» **Work to complete**
Copy the data exactly from the line that contains "source_device : Outport" through the line that contains "Compare To Constant7/1 -> AND2/2", keeping both end lines and leaving out everything else.

◇ ◇ ◇ ◇

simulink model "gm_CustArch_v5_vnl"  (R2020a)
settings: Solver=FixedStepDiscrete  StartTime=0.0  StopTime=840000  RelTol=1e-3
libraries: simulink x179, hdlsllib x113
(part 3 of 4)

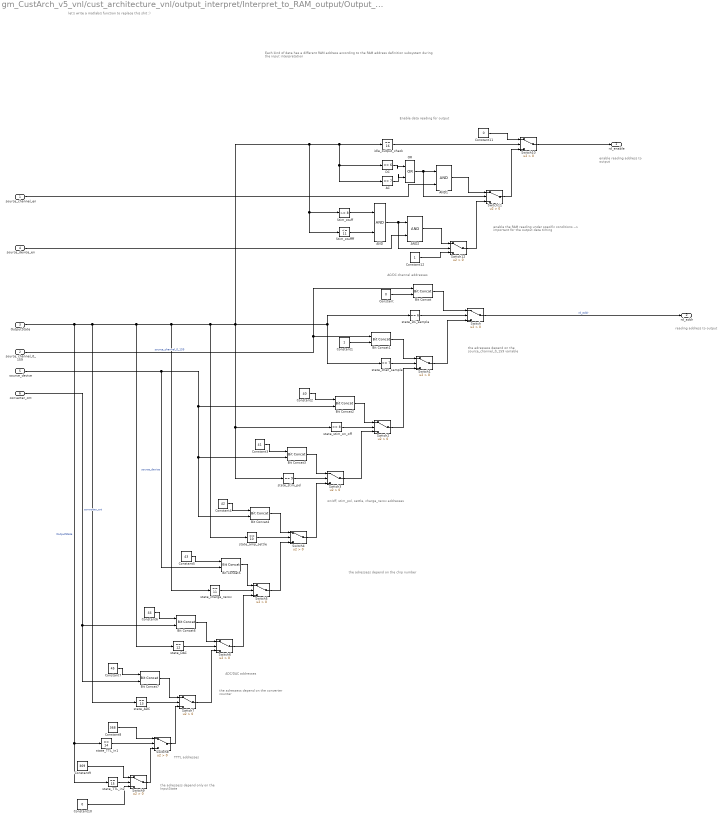
== system gm_CustArch_v5_vnl/cust_architecture_vnl/output_interpret/Interpret_to_RAM_output/Output_State_to_RAM_address (to read) ==
  note: enable reading address
      | to output
  note: Each kind of data has a different RAM
      | address according to the
      | RAM address definition subsystem during the
      | input interpretation
  note: the adressess depend on the
      | source_channel_0_159 variable
  note: AC/DC channel addresses
  note: ADC/DAC addresses
  note: on/off, stim_pol, settle, charge_recov addresses
  note: the adressess depend on the converter
      | counter
  note: the adressess depend only on the
      | InputState
  note: the adressess depend on the chip number
  note: TTTL addresses
  note: let's write a matlab/s function to replace this shit :)
  note: Enable data reading for output
  note: enable the RAM reading under specific conditions
      | --> important for the output data timing
  note: reading address
      | to output
  source_channel_en : Inport
  source_channel_0_159 : Inport  Port=2
  OutputState : Inport  Port=3
  source_device_en : Inport  Port=4
  source_device : Inport  Port=5
  converter_cnt : Inport  Port=6
  AC : simulink/Logic and Bit Operations/Compare To Constant  relop===  const=7  OutDataTypeStr=boolean
  AND : Logic  IconShape=distinctive  AllPortsSameDT=off  OutDataTypeStr=boolean
  AND1 : Logic  IconShape=distinctive  AllPortsSameDT=off  OutDataTypeStr=boolean
  AND2 : Logic  IconShape=distinctive  AllPortsSameDT=off  OutDataTypeStr=boolean
  Bit Concat{,1..7} (8 alike) : hdlsllib/Logic and Bit Operations/Bit Concat  numInputs=2
  Constant : Constant  Value=0  OutDataTypeStr=boolean  SampleTime=-1
  Constant1 : Constant  OutDataTypeStr=boolean  SampleTime=-1
  Constant10 : Constant  Value=0  OutDataTypeStr=fixdt(0,9)  SampleTime=-1
  Constant11 : Constant  Value=0  OutDataTypeStr=boolean  SampleTime=-1
  Constant12 : Constant  OutDataTypeStr=boolean  SampleTime=-1
  Constant2 : Constant  Value=40  OutDataTypeStr=fixdt(0,6)  SampleTime=-1
  Constant3 : Constant  Value=41  OutDataTypeStr=fixdt(0,6)  SampleTime=-1
  Constant4 : Constant  Value=42  OutDataTypeStr=fixdt(0,6)  SampleTime=-1
  Constant5 : Constant  Value=43  OutDataTypeStr=fixdt(0,6)  SampleTime=-1
  Constant6 : Constant  Value=44  OutDataTypeStr=fixdt(0,6)  SampleTime=-1
  Constant7 : Constant  Value=45  OutDataTypeStr=fixdt(0,6)  SampleTime=-1
  Constant8 : Constant  Value=368  OutDataTypeStr=fixdt(0,9)  SampleTime=-1
  Constant9 : Constant  Value=369  OutDataTypeStr=fixdt(0,9)  SampleTime=-1
  DC : simulink/Logic and Bit Operations/Compare To Constant  relop===  const=6  OutDataTypeStr=boolean
  OR : Logic  Operator=OR  IconShape=distinctive  AllPortsSameDT=off  OutDataTypeStr=boolean
  Stim_stuff : simulink/Logic and Bit Operations/Compare To Constant  relop=>=  const=8  OutDataTypeStr=boolean
  Stim_stuffff : simulink/Logic and Bit Operations/Compare To Constant  relop=<=  const=11  OutDataTypeStr=boolean
  Switch{,1..12} (13 alike) : Switch  Criteria=u2 > Threshold
  idle_output_check : simulink/Logic and Bit Operations/Compare To Constant  relop===  const=16  OutDataTypeStr=boolean
  state_ADC : simulink/Logic and Bit Operations/Compare To Constant  relop===  const=13  OutDataTypeStr=boolean
  state_DAC : simulink/Logic and Bit Operations/Compare To Constant  relop===  const=12  OutDataTypeStr=boolean
  state_DC_sample : simulink/Logic and Bit Operations/Compare To Constant  relop===  const=6  OutDataTypeStr=boolean
  state_TTL_in1 : simulink/Logic and Bit Operations/Compare To Constant  relop===  const=14  OutDataTypeStr=boolean
  state_TTL_in2 : simulink/Logic and Bit Operations/Compare To Constant  relop===  const=15  OutDataTypeStr=boolean
  state_amp_settle : simulink/Logic and Bit Operations/Compare To Constant  relop===  const=10  OutDataTypeStr=boolean
  state_chan_sample : simulink/Logic and Bit Operations/Compare To Constant  relop===  const=7  OutDataTypeStr=boolean
  state_charge_recov : simulink/Logic and Bit Operations/Compare To Constant  relop===  const=11  OutDataTypeStr=boolean
  state_stim_on_off : simulink/Logic and Bit Operations/Compare To Constant  relop===  const=8  OutDataTypeStr=boolean
  state_stim_pol : simulink/Logic and Bit Operations/Compare To Constant  relop===  const=9  OutDataTypeStr=boolean
  rd_enable : Outport  VectorParamsAs1DForOutWhenUnconnected=off
  rd_addr : Outport  Port=2  OutDataTypeStr=fixdt(0,9,0)  VectorParamsAs1DForOutWhenUnconnected=off
  wires:
  Switch10/1 -> rd_enable/1
  Constant12/1 -> Switch12/3
  Switch12/1 -> Switch11/3
  AND2/1 -> Switch12/1
  AND1/1 -> Switch11/1
  Switch11/1 -> Switch10/3
  Constant11/1 -> Switch10/1
  source_device_en/1 -> AND2/2
  source_channel_en/1 -> AND1/2
  AND/1 -> AND2/1, Switch12/2
  Stim_stuffff/1 -> AND/2
  Stim_stuff/1 -> AND/1
  idle_output_check/1 -> Switch10/2
  OR/1 -> AND1/1, Switch11/2
  AC/1 -> OR/2
  DC/1 -> OR/1
  Constant10/1 -> Switch9/3
  Switch9/1 -> Switch8/3
  Constant9/1 -> Switch9/1
  state_TTL_in2/1 -> Switch9/2
  Switch8/1 -> Switch7/3
  OutputState/1 -> state_ADC/1, state_charge_recov/1, Stim_stuff/1, Stim_stuffff/1, idle_output_check/1, DC/1, AC/1, state_chan_sample/1, state_DC_sample/1, state_stim_on_off/1, state_stim_pol/1, state_amp_settle/1, state_DAC/1, state_TTL_in1/1, state_TTL_in2/1  "OutputState"
  Constant8/1 -> Switch8/1
  state_TTL_in1/1 -> Switch8/2
  Switch7/1 -> Switch6/3
  Constant7/1 -> Bit Concat7/1
  state_ADC/1 -> Switch7/2
  Bit Concat7/1 -> Switch7/1
  converter_cnt/1 -> Bit Concat6/2, Bit Concat7/2  "converter_cnt"
  Switch6/1 -> Switch5/3
  Constant6/1 -> Bit Concat6/1
  state_DAC/1 -> Switch6/2
  Bit Concat6/1 -> Switch6/1
  Switch5/1 -> Switch4/3
  source_device/1 -> Bit Concat2/2, Bit Concat3/2, Bit Concat4/2, Bit Concat5/2  "source_device"
  Constant5/1 -> Bit Concat5/1
  state_charge_recov/1 -> Switch5/2
  Bit Concat5/1 -> Switch5/1
  Switch4/1 -> Switch3/3
  Bit Concat4/1 -> Switch4/1
  state_amp_settle/1 -> Switch4/2
  Constant4/1 -> Bit Concat4/1
  Switch3/1 -> Switch2/3
  Bit Concat3/1 -> Switch3/1
  state_stim_pol/1 -> Switch3/2
  Constant3/1 -> Bit Concat3/1
  Switch2/1 -> Switch1/3
  state_stim_on_off/1 -> Switch2/2
  Bit Concat2/1 -> Switch2/1
  Constant2/1 -> Bit Concat2/1
  Switch/1 -> rd_addr/1  "rd_addr"
  Switch1/1 -> Switch/3
  Bit Concat1/1 -> Switch1/1
  Constant1/1 -> Bit Concat1/2
  state_chan_sample/1 -> Switch1/2
  Bit Concat/1 -> Switch/1
  Constant/1 -> Bit Concat/2
  source_channel_0_159/1 -> Bit Concat/1, Bit Concat1/1  "source_channel_0_159"
  state_DC_sample/1 -> Switch/2

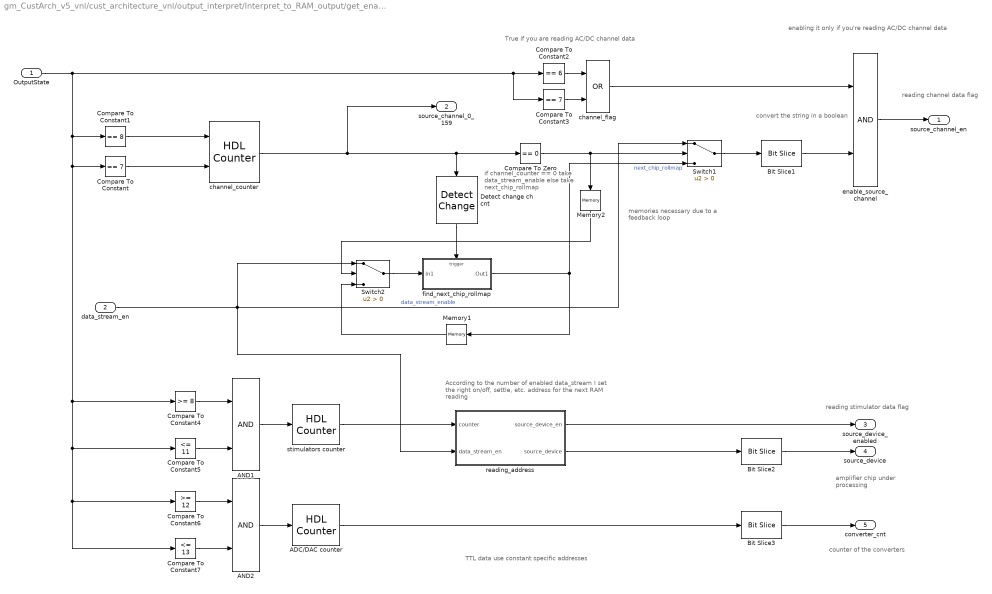
== system gm_CustArch_v5_vnl/cust_architecture_vnl/output_interpret/Interpret_to_RAM_output/get_enabled_timings  ==
  note: counter of the converters
  note: reading stimulator data flag
  note: TTL data use constant specific addresses
  note: enabling it only if you're reading AC/DC channel data
  note: True if you are reading AC/DC channel data
  note: convert the string
      | in a boolean
  note: According to the number of enabled data_stream
      | I set the right on/off, settle, etc. address for the next
      | RAM reading
  note: amplifier chip under
      | processing
  note: if channel_counter == 0
      | take data_stream_enable
      | else take next_chip_rollmap
  note: memories necessary due to
      | a feedback loop
  note: reading channel data flag
  OutputState : Inport
  data_stream_en : Inport  Port=2
  ADC/DAC counter : hdlsllib/Sources/HDL Counter  CountType=Count limited  CountInit=0  CountStep=1  CountMax=7  CountFromType=Specify  CountFrom=0  CountResetPort=off  CountLoadPort=off  CountEnbPort=on  CountDirPort=off  CountDataType=Unsigned  CountWordLen=8  CountFracLen=0  CountSampTime=1
  AND1 : Logic  IconShape=distinctive  AllPortsSameDT=off  OutDataTypeStr=boolean
  AND2 : Logic  IconShape=distinctive  AllPortsSameDT=off  OutDataTypeStr=boolean
  Bit Slice1 : hdlsllib/Logic and Bit Operations/Bit Slice  lidx=0  ridx=0
      settings: SourceProductBaseCode=SL
  Bit Slice2 : hdlsllib/Logic and Bit Operations/Bit Slice  lidx=2  ridx=0
      settings: SourceProductBaseCode=SL
  Bit Slice3 : hdlsllib/Logic and Bit Operations/Bit Slice  lidx=2  ridx=0
      settings: SourceProductBaseCode=SL
  Compare To Constant : simulink/Logic and Bit Operations/Compare To Constant  relop===  const=7  OutDataTypeStr=boolean
  Compare To Constant1 : simulink/Logic and Bit Operations/Compare To Constant  relop===  const=8  OutDataTypeStr=boolean
  Compare To Constant2 : simulink/Logic and Bit Operations/Compare To Constant  relop===  const=6  OutDataTypeStr=boolean
  Compare To Constant3 : simulink/Logic and Bit Operations/Compare To Constant  relop===  const=7  OutDataTypeStr=boolean
  Compare To Constant4 : simulink/Logic and Bit Operations/Compare To Constant  relop=>=  const=8  OutDataTypeStr=boolean
  Compare To Constant5 : simulink/Logic and Bit Operations/Compare To Constant  relop=<=  const=11  OutDataTypeStr=boolean
  Compare To Constant6 : simulink/Logic and Bit Operations/Compare To Constant  relop=>=  const=12  OutDataTypeStr=boolean
  Compare To Constant7 : simulink/Logic and Bit Operations/Compare To Constant  relop=<=  const=13  OutDataTypeStr=boolean
  Compare To Zero : simulink/Logic and Bit Operations/Compare To Zero  relop===  OutDataTypeStr=boolean
  Detect change ch cnt : simulink/Logic and Bit Operations/Detect Change  vinit=0  OutDataTypeStr=boolean
  Memory1 : Memory  InheritSampleTime=on
  Memory2 : Memory  InheritSampleTime=on
  Switch1 : Switch  Criteria=u2 > Threshold
  Switch2 : Switch  Criteria=u2 > Threshold
  channel_counter : hdlsllib/Sources/HDL Counter  CountType=Count limited  CountInit=0  CountStep=1  CountMax=159  CountFromType=Specify  CountFrom=0  CountResetPort=on  CountLoadPort=off  CountEnbPort=on  CountDirPort=off  CountDataType=Unsigned  CountWordLen=8  CountFracLen=0  CountSampTime=1
  channel_flag : Logic  Operator=OR  IconShape=distinctive  AllPortsSameDT=off  OutDataTypeStr=boolean
  enable_source_channel : Logic  IconShape=distinctive  AllPortsSameDT=off  OutDataTypeStr=boolean
  find_next_chip_rollmap : Subsystem  TreatAsAtomicUnit=on
  reading_address : Subsystem
  stimulators counter : hdlsllib/Sources/HDL Counter  CountType=Count limited  CountInit=0  CountStep=1  CountMax=7  CountFromType=Specify  CountFrom=0  CountResetPort=off  CountLoadPort=off  CountEnbPort=on  CountDirPort=off  CountDataType=Unsigned  CountWordLen=8  CountFracLen=0  CountSampTime=1
  source_channel_en : Outport  VectorParamsAs1DForOutWhenUnconnected=off
  source_channel_0_159 : Outport  Port=2  OutMin=0  OutMax=159  OutDataTypeStr=uint8  VectorParamsAs1DForOutWhenUnconnected=off  LockScale=on
  source_device_enabled : Outport  Port=3  VectorParamsAs1DForOutWhenUnconnected=off
  source_device : Outport  Port=4  VectorParamsAs1DForOutWhenUnconnected=off
  converter_cnt : Outport  Port=5  VectorParamsAs1DForOutWhenUnconnected=off
  wires:
  Compare To Constant/1 -> channel_counter/2
  Compare To Constant1/1 -> channel_counter/1
  ADC/DAC counter/1 -> Bit Slice3/1
  AND2/1 -> ADC/DAC counter/1
  Compare To Constant7/1 -> AND2/2
  OutputState/1 -> Compare To Constant2/1, Compare To Constant3/1, Compare To Constant4/1, Compare To Constant5/1, Compare To Constant7/1, Compare To Constant6/1, Compare To Constant/1, Compare To Constant1/1
  Bit Slice3/1 -> converter_cnt/1
  Compare To Constant6/1 -> AND2/1
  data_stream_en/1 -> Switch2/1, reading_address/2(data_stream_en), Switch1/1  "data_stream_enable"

◇ ◇ ◇ ◇

» **Output below**
  source_device : Outport  Port=4  VectorParamsAs1DForOutWhenUnconnected=off
  converter_cnt : Outport  Port=5  VectorParamsAs1DForOutWhenUnconnected=off
  wires:
  Compare To Constant/1 -> channel_counter/2
  Compare To Constant1/1 -> channel_counter/1
  ADC/DAC counter/1 -> Bit Slice3/1
  AND2/1 -> ADC/DAC counter/1
  Compare To Constant7/1 -> AND2/2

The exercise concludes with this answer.